In 2006, he set off to Afghanistan to see what was going on in that side of the world. During his first stay, he met photographers and journalists that ended up changing his life. As he witnessed their photographs, he was so staggered that he bought his first camera as soon as he returned from his trip. Later on, he would return to Afghanistan twice more to take photographs.
He realized that photography has the power to make change, so he decided to study Journalism more seriously, and to move to the United States. He made the change of switching what he holds in his hands from a guitar to a camera.
He studied photography at New England School of Photography and has expertise in documentary, visual journalism, sports photography, live concerts, and any kind of events.
His works have been published on CNN, The Washington Post, Reuters, Al Jazeera, NHK(Japan), Internazionale(Italy), Haaretz(Israel), Toronto Sun(Canada), Estadao(Brazil), Rianovosti(Russia), Hindustan Times(India), Metro Boston, Tu Boston, Salem Radio Network News, The province.com and El Planeta.
Tom Szustek
Tom Szustek was born and raised in Poland and graduated from Jagiellonian University, Krakow. He moved to Ireland in 2003 and resides currently in Dublin.
Szustek regularly freelances for Polish community weekly newspapers in Ireland “Kurier Polski” and associated websites and he is committed to the documentary projects in Ireland and North Africa.

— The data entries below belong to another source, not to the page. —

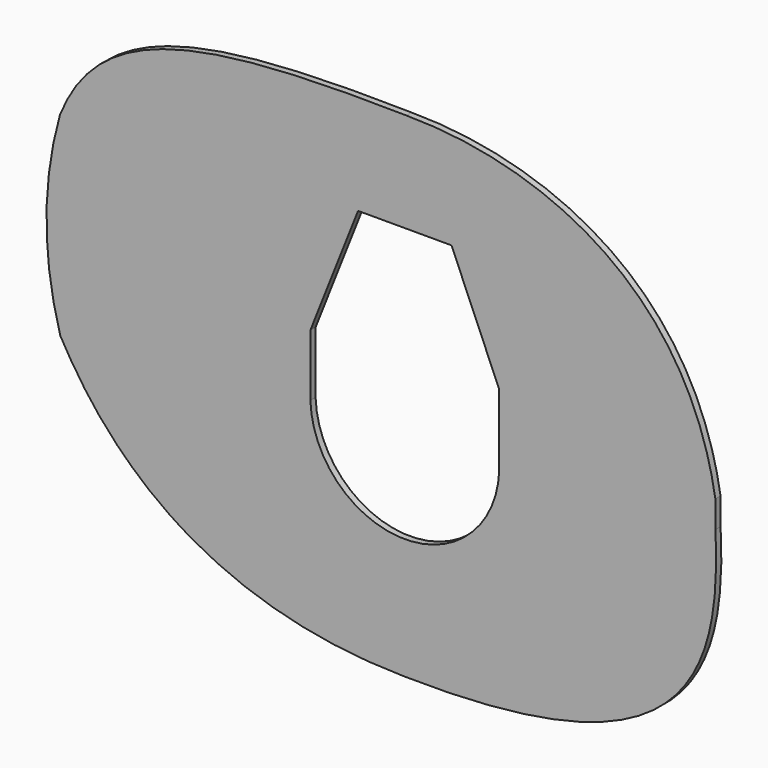
from build123d import *

# Parameters (mm, degrees)
F1_DEPTH = 2


with BuildPart() as f1:
    # F0 (on Front) → F1 (new body)
    with BuildSketch(Plane.XZ):
        with BuildLine():
            Line((-124.6721289065, 66.9943112569), (-124.6721289065, -3.1820335149))
            add(Edge.make_bspline(
                [(-108.7886020541, -16.6170091142), (-115.0603290285, -12.3232285742), (-120.2999981868, -7.7183339998), (-124.6721289065, -3.1820335149)],
                knots=[0.4585261262, 0.4585261262, 0.4585261262, 0.4585261262, 0.6354781501, 0.6354781501, 0.6354781501, 0.6354781501], degree=3))
            Line((-108.7886020541, -16.6170091142), (-108.7886020541, 66.9943112569))
            Line((-108.7886020541, 66.9943112569), (-124.6721289065, 66.9943112569))
        make_face()
        with BuildLine():
            add(Edge.make_bspline(
                [(-142.2094079373, 80.4314068878), (-130.2931281445, 110.3476141939), (-98.2848527548, 116.0134827146), (-35.7470019427, 114.8680118272)],
                knots=[0, 0, 0, 0, 1, 1, 1, 1], degree=3))
            ThreePointArc((-142.2094079373, 80.4314068878), (-146.3504948166, 50.5368703201), (-142.0856537936, 20.6597377906))
            add(Edge.make_bspline(
                [(-124.6721289065, -3.1820335149), (-133.6787350082, 6.1627629347), (-139.0038412424, 15.2164724191), (-142.0856537936, 20.6597377906)],
                knots=[0.6354781501, 0.6354781501, 0.6354781501, 0.6354781501, 1, 1, 1, 1], degree=3))
            Line((-124.6721289065, -3.1820335149), (-124.6721289065, 66.9943112569))
            Line((-124.6721289065, 66.9943112569), (-108.7886020541, 66.9943112569))
            Line((-108.7886020541, 66.9943112569), (-108.7886020541, -16.6170091142))
            add(Edge.make_bspline(
                [(-36.381947872, -37.122189497), (-69.3556272485, -36.7804960017), (-92.5370180869, -27.743248389), (-108.7886020541, -16.6170091142)],
                knots=[0, 0, 0, 0, 0.4585261262, 0.4585261262, 0.4585261262, 0.4585261262], degree=3))
            add(Edge.make_bspline(
                [(-36.381947872, -37.122189497), (47.0810634374, -38.6126036396), (61.6125640752, -9.5495949141), (59.2237142208, 33.6754252563)],
                knots=[0, 0, 0, 0, 1, 1, 1, 1], degree=3))
            Line((59.2237142208, 33.6754252563), (59.2237142208, 42.0407210837))
            add(Edge.make_bspline(
                [(-35.7470019427, 114.8680118272), (4.2317536953, 114.8997140476), (50.434487808, 96.2695801058), (59.2237142208, 42.0407210837)],
                knots=[0, 0, 0, 0, 1, 1, 1, 1], degree=3))
        make_face()
        with BuildLine():
            Line((-65.2386816857, 47.185676674), (-50.5756217741, 84.2391779074))
            Line((-50.5756217741, 84.2391779074), (-21.8579741833, 84.2391779074))
            Line((-21.8579741833, 84.2391779074), (-7.197354984, 50.0167762288))
            Line((-7.197354984, 50.0167762288), (-7.197354984, 28.1597529901))
            ThreePointArc((-7.197354984, 28.1597529901), (-36.2556737781, 0.0750783929), (-65.2386816857, 28.237466271))
            Line((-65.2386816857, 28.237466271), (-65.2386816857, 47.185676674))
        make_face(mode=Mode.SUBTRACT)
    extrude(amount=F1_DEPTH)


solid = f1.part
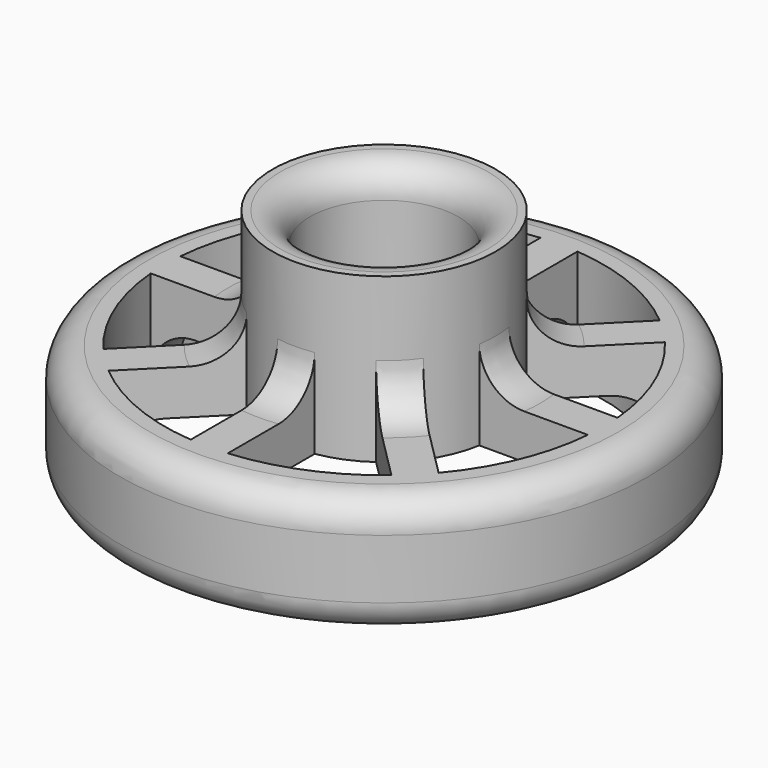
from build123d import *

# Parameters (mm, degrees)
F0_R     = 17.75
F0_R_2   = 14.75
F1_DEPTH = 8
F3_R     = 7.5
F3_R_2   = 5
F4_DEPTH = 11
F5_W     = 2.4922459852
F5_H     = 8.3065871149
F6_DEPTH = 3
F8_COUNT = 8
F9_R     = 3
F10_R    = 2


with BuildPart() as f1:
    # F0 (on Top) → F1 (new body)
    with BuildSketch(Plane.XY):
        Circle(F0_R)
        Circle(F0_R_2, mode=Mode.SUBTRACT)
    extrude(amount=F1_DEPTH)



with BuildPart() as f4:
    # F3 (on offset) → F4 (new body)
    with BuildSketch(Plane.XY.offset(5)):
        Circle(F3_R)
        Circle(F3_R_2, mode=Mode.SUBTRACT)
    extrude(amount=F4_DEPTH)


with BuildPart() as f1_1:
    add(f1.part)

    add(f4.part)  # F6 merges F4
    # F5 (on offset) → F6 (join)
    with BuildSketch(Plane.XY.offset(5)):
        with Locations((0, 11.1227082089)):
            Rectangle(F5_W, F5_H)
    extrude(amount=F6_DEPTH)

    # F8: F1 ×8 about axis
    f8_axis = Axis((0, 0, 7.9989284277), (0, 0, -1))


with BuildPart() as f1_2:
    add(f1_1.part)
    for i in range(1, F8_COUNT):
        add(f1_1.part.rotate(f8_axis, i * 360 / F8_COUNT))

    # F9
    f9_edges = [f1_2.edges().sort_by_distance(p)[0] for p in [
        (7.473893, 0.625238, 8),
        (7.473893, -0.625238, 8),
        (5.303301, -5.303301, 8),
        (0, -7.5, 8),
        (-5.303301, -5.303301, 8),
        (-7.5, 0, 8),
        (-5.303301, 5.303301, 8),
        (0, 7.5, 8),
        (5.303301, 5.303301, 8),
        (14.736811, 0.623619, 5),
        (10.429825, 10.429825, 5),
        (0, 14.75, 5),
        (-10.429825, 10.429825, 5),
        (-14.75, 0, 5),
        (-10.429825, -10.429825, 5),
        (0, -14.75, 5),
        (10.429825, -10.429825, 5),
        (14.736811, -0.623619, 5),
    ]]
    fillet(f9_edges, radius=F9_R)

    # F10
    f10_edges = [f1_2.edges().sort_by_distance(p)[0] for p in [
        (-17.75, 0, 8),
        (-17.75, 0, 0),
        (-5, 0, 16),
    ]]
    fillet(f10_edges, radius=F10_R)


solid = f1_2.part
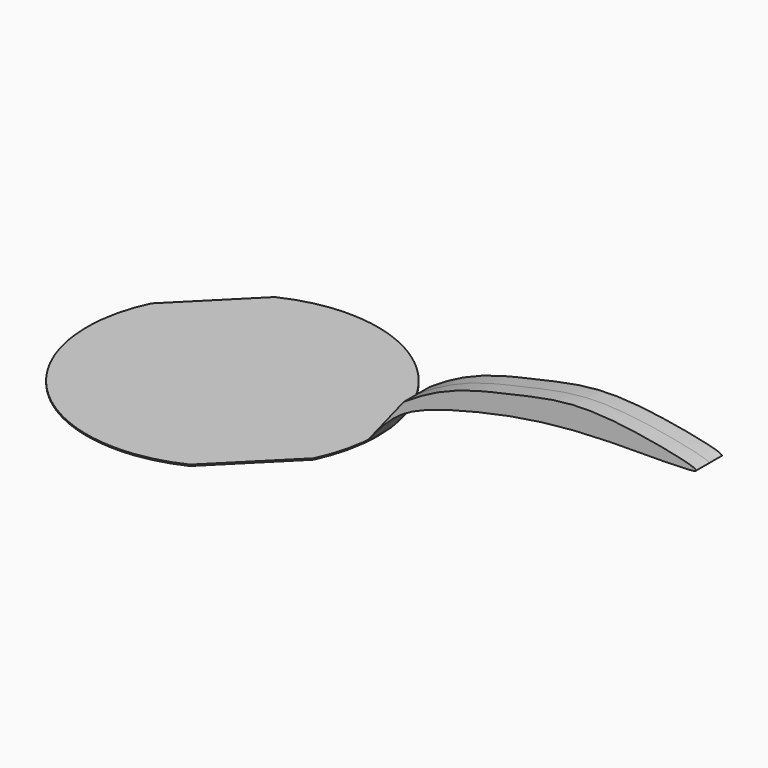
from build123d import *

# Parameters (mm, degrees)
F4_DEPTH = 0.508
F6_DEPTH = 6.35


# Not quite as in the source:
# - the program builds the solid bodies; features that only make, move or delete a surface that nothing else refers to are left out


with BuildPart() as f4:
    # F0 (on Top) → F4 (new body)
    with BuildSketch(Plane.XY):
        with BuildLine():
            Line((-6.0308964237, -56.8308964237), (56.8308964237, 6.0308964237))
            ThreePointArc((56.8308964237, 6.0308964237), (56.009443014, 11.3606686977), (54.689286609, 16.589286609))
            Line((54.689286609, 16.589286609), (-16.589286609, -54.689286609))
            ThreePointArc((-16.589286609, -54.689286609), (-11.3606686977, -56.009443014), (-6.0308964237, -56.8308964237))
        make_face()
        with BuildLine():
            Line((-16.589286609, -54.689286609), (54.689286609, 16.589286609))
            ThreePointArc((54.689286609, 16.589286609), (53.0707840703, 21.2041122936), (51.0636709662, 25.6636709662))
            Line((51.0636709662, 25.6636709662), (-25.6636709662, -51.0636709662))
            ThreePointArc((-25.6636709662, -51.0636709662), (-21.2041122936, -53.0707840703), (-16.589286609, -54.689286609))
        make_face()
        with BuildLine():
            Line((-25.6636709662, -51.0636709662), (51.0636709662, 25.6636709662))
            ThreePointArc((51.0636709662, 25.6636709662), (48.8212712491, 29.7086851548), (46.2591311607, 33.5591311607))
            Line((46.2591311607, 33.5591311607), (-33.5591311607, -46.2591311607))
            ThreePointArc((-33.5591311607, -46.2591311607), (-29.7086851548, -48.8212712491), (-25.6636709662, -51.0636709662))
        make_face()
        with BuildLine():
            Line((-33.5591311607, -46.2591311607), (46.2591311607, 33.5591311607))
            ThreePointArc((46.2591311607, 33.5591311607), (43.4703585062, 37.1005448928), (40.4111525448, 40.4111525448))
            Line((40.4111525448, 40.4111525448), (-40.4111525448, -40.4111525448))
            ThreePointArc((-40.4111525448, -40.4111525448), (-37.1005448928, -43.4703585062), (-33.5591311607, -46.2591311607))
        make_face()
        with BuildLine():
            Line((-40.4111525448, -40.4111525448), (40.4111525448, 40.4111525448))
            ThreePointArc((40.4111525448, 40.4111525448), (37.1005448928, 43.4703585062), (33.5591311607, 46.2591311607))
            Line((33.5591311607, 46.2591311607), (-46.2591311607, -33.5591311607))
            ThreePointArc((-46.2591311607, -33.5591311607), (-43.4703585062, -37.1005448928), (-40.4111525448, -40.4111525448))
        make_face()
        with BuildLine():
            Line((-46.2591311607, -33.5591311607), (33.5591311607, 46.2591311607))
            ThreePointArc((33.5591311607, 46.2591311607), (29.7086851548, 48.8212712491), (25.6636709662, 51.0636709662))
            Line((25.6636709662, 51.0636709662), (-51.0636709662, -25.6636709662))
            ThreePointArc((-51.0636709662, -25.6636709662), (-48.8212712491, -29.7086851548), (-46.2591311607, -33.5591311607))
        make_face()
        with BuildLine():
            Line((-51.0636709662, -25.6636709662), (25.6636709662, 51.0636709662))
            ThreePointArc((25.6636709662, 51.0636709662), (21.2041122936, 53.0707840703), (16.589286609, 54.689286609))
            Line((16.589286609, 54.689286609), (-54.689286609, -16.589286609))
            ThreePointArc((-54.689286609, -16.589286609), (-53.0707840703, -21.2041122936), (-51.0636709662, -25.6636709662))
        make_face()
        with BuildLine():
            Line((-54.689286609, -16.589286609), (16.589286609, 54.689286609))
            ThreePointArc((16.589286609, 54.689286609), (11.3606686977, 56.009443014), (6.0308964237, 56.8308964237))
            Line((6.0308964237, 56.8308964237), (-56.8308964237, -6.0308964237))
            ThreePointArc((-56.8308964237, -6.0308964237), (-56.009443014, -11.3606686977), (-54.689286609, -16.589286609))
        make_face()
        with BuildLine():
            Line((-56.8308964237, -6.0308964237), (6.0308964237, 56.8308964237))
            ThreePointArc((6.0308964237, 56.8308964237), (-0.3618335895, 57.1488545507), (-6.750025, 56.749975))
            Line((-6.750025, 56.749975), (-56.749975, 6.750025))
            ThreePointArc((-56.749975, 6.750025), (-57.1488545507, 0.3618335895), (-56.8308964237, -6.0308964237))
        make_face()
        with BuildLine():
            Line((-56.749975, 6.750025), (-6.750025, 56.749975))
            ThreePointArc((-6.750025, 56.749975), (-15.9021226487, 54.8930323016), (-24.6296158184, 51.5703841816))
            Line((-24.6296158184, 51.5703841816), (-51.5703841816, 24.6296158184))
            ThreePointArc((-51.5703841816, 24.6296158184), (-54.8930323016, 15.9021226487), (-56.749975, 6.750025))
        make_face()
        with BuildLine():
            ThreePointArc((56.749975, -6.750025), (57.0499060965, -3.3809339502), (57.15, 0))
            ThreePointArc((57.15, 0), (57.0701683483, 3.0196663212), (56.8308964237, 6.0308964237))
            Line((56.8308964237, 6.0308964237), (-6.0308964237, -56.8308964237))
            ThreePointArc((-6.0308964237, -56.8308964237), (0.3618335895, -57.1488545507), (6.750025, -56.749975))
            Line((6.750025, -56.749975), (56.749975, -6.750025))
        make_face()
        with BuildLine():
            ThreePointArc((51.5703841816, -24.6296158184), (54.8930323016, -15.9021226487), (56.749975, -6.750025))
            Line((56.749975, -6.750025), (6.750025, -56.749975))
            ThreePointArc((6.750025, -56.749975), (15.9021226487, -54.8930323016), (24.6296158184, -51.5703841816))
            Line((24.6296158184, -51.5703841816), (51.5703841816, -24.6296158184))
        make_face()
    extrude(amount=-F4_DEPTH)


with BuildPart() as f6:
    # F5 (on Front) → F6 (new body, symmetric)
    with BuildSketch(Plane.XZ):
        with BuildLine():
            Line((72.3931133133, 18.8288400268), (57.4625453009, 0))
            add(Edge.make_bspline(
                [(57.4625453009, 0), (60.0150991548, 3.025146449), (64.4408409242, 8.6698817024), (74.6149706503, 17.3720244011), (99.8845177525, 24.9056378613), (139.8560927381, 33.0040594631), (205.2990521286, 30.1110742823), (158.0984786426, 39.5886639029), (134.9190645718, 40.0712558659), (110.2767996195, 34.0103979924), (87.8425301448, 29.4073637277), (72.3931133133, 18.8288400268)],
                knots=[0, 0, 0, 0, 0.0708652491, 0.1462220586, 0.2516287369, 0.400965123, 0.537935388, 0.6471743961, 0.7586724699, 0.860910477, 1, 1, 1, 1], degree=3))
        make_face()
    extrude(amount=F6_DEPTH, both=True)


solid = Compound([f4.part, f6.part])
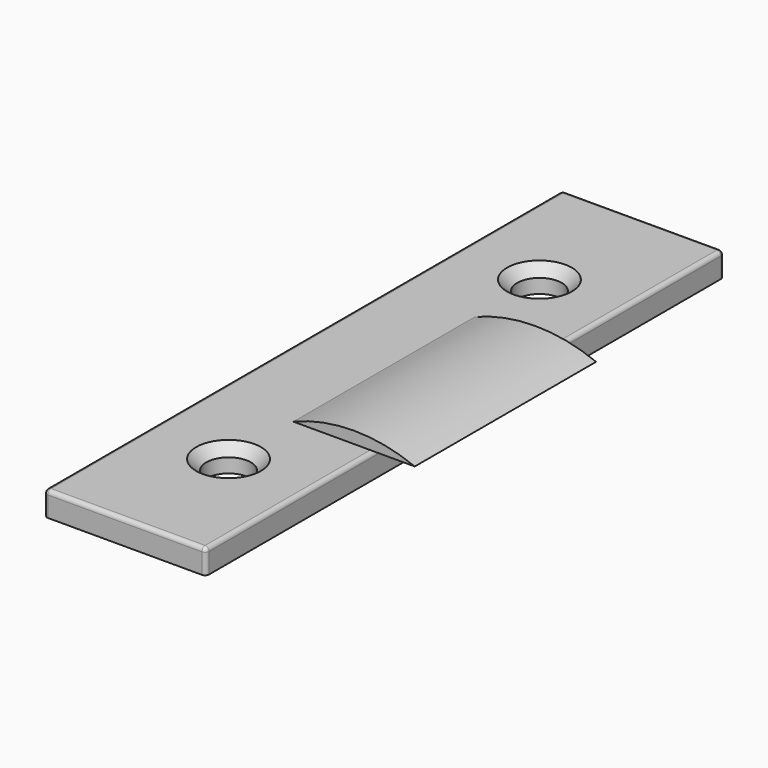
from build123d import *

# Parameters (mm, degrees)
F0_W           = 20
F0_H           = 80
F1_DEPTH       = 3
F5_D           = 5.5
F5_DEPTH       = 15
F5_CSINK_D     = 8
F5_CSINK_ANGLE = 90
F5_TIP         = 1.6523667023
F7_R           = 0.5
F10_DEPTH      = 28


# Not quite as in the source:
# - two fillets or chamfers of one size are made in one step


with BuildPart() as f1:
    # F0 (on Top) → F1 (new body)
    with BuildSketch(Plane.XY):
        with Locations((0, 24)):
            Rectangle(F0_W, F0_H)
    extrude(amount=F1_DEPTH)

    # F5
    with Locations(Plane.XY.offset(3)):
        with Locations((0, 0), (0, 48)):
            CounterSinkHole(F5_D / 2, F5_CSINK_D / 2, depth=F5_DEPTH, counter_sink_angle=F5_CSINK_ANGLE)
            with Locations((0, 0, -(F5_DEPTH + F5_TIP / 2))):  # 118° drill point
                Cone(0, F5_D / 2, F5_TIP, mode=Mode.SUBTRACT)

    # F7
    f7_edges = [f1.edges().sort_by_distance(p)[0] for p in [
        (0, 64, 3),
        (-10, 24, 3),
        (10, 24, 3),
        (-10, -16, 1.5),
        (-10, 64, 1.5),
        (10, 64, 1.5),
        (10, -16, 1.5),
        (0, -16, 3),
    ]]
    fillet(f7_edges, radius=F7_R)

    # F9 (on offset) → F10 (join)
    with BuildSketch(Plane.XZ.offset(-10)):
        with BuildLine():
            ThreePointArc((13, 3), (7.5, 3.860863499), (2, 3))
            Line((2, 3), (10, 3))
            Line((10, 3), (13, 3))
        make_face()
        with BuildLine():
            Line((0, 3), (2, 3))
            ThreePointArc((2, 3), (7.5, 3.860863499), (13, 3))
            Line((13, 3), (15, 3))
            ThreePointArc((15, 3), (7.5, 4.4595037823), (0, 3))
        make_face()
    extrude(amount=-F10_DEPTH)


solid = f1.part
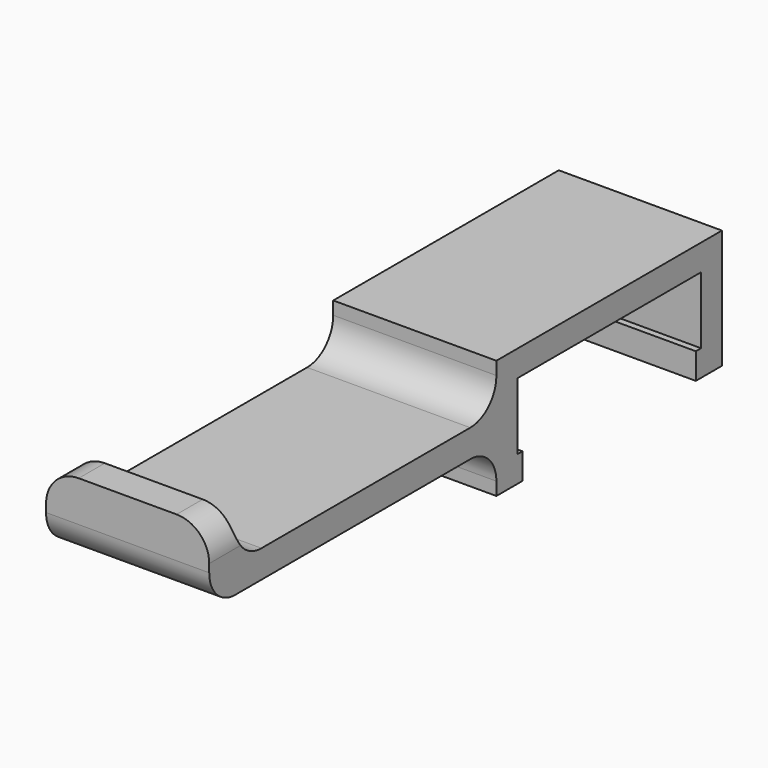
from build123d import *

# Parameters (mm, degrees)
F1_DEPTH = 25
F3_W     = 25
F3_H     = 4.25
F4_DEPTH = 55
F5_W     = 25
F5_H     = 5
F6_DEPTH = 7
F7_R     = 5
F8_R     = 5


# Not quite as in the source:
# - a feature of the source that left no trace in its solid (it failed there, or was rolled back) is left out


with BuildPart() as f1:
    # F0 (on Right) → F1 (new body)
    with BuildSketch(Plane.YZ):
        Polygon((17.6, 0.1), (17.6, -10.15), (16.6, -10.15), (16.6, -14.15), (21.6, -14.15), (21.6, 4.1), (0, 4.1), (-21.6, 4.1), (-21.6, -14.15), (-16.6, -14.15), (-16.6, -10.15), (-17.6, -10.15), (-17.6, 0.1), (0, 0.1), align=None)
    extrude(amount=F1_DEPTH)

    # F3 (on face) → F4 (join)
    with BuildSketch(Plane.XZ.offset(21.6)):
        with Locations((12.5, -5.025)):
            Rectangle(F3_W, F3_H)
    extrude(amount=F4_DEPTH)

    # F5 (on face) → F6 (join, through all)
    with BuildSketch(Plane.XY.offset(-2.9)):
        with Locations((12.5, -74.1)):
            Rectangle(F5_W, F5_H)
    extrude(amount=F6_DEPTH)

    # F7
    f7_edges = [f1.edges().sort_by_distance(p)[0] for p in [
        (12.5, -21.6, -2.9),
        (12.5, -21.6, -7.15),
        (12.5, -71.6, -2.9),
        (12.5, -76.6, -7.15),
    ]]
    fillet(f7_edges, radius=F7_R)

    # F8
    f8_edges = [f1.edges().sort_by_distance(p)[0] for p in [
        (0, -74.1, 4.1),
        (25, -74.1, 4.1),
    ]]
    fillet(f8_edges, radius=F8_R)


solid = f1.part

His photographs, which cover wide range of subjects — news, documentary, daily life, social issues — appeared in magazines and newspapers across Europe. He is co-founder of photojournalism agency Uspecto Images.
Nima Taradji
Nima Taradji is an editorial portrait and documentary photographer based in Chicago, Illinois.
He was born in Iran, grew up in France, and then moved to the United States where he attended college in Texas and then moved to Los Angeles and now reside in Chicago.
He is a co-founder & member of Core Images — a socially conscious photographic agency with a strong desire to inform and raise awareness of events that shape our global community and affect our lives.
He is currently working on several long term documentary projects in Chicago concerning subjects he finds to be important.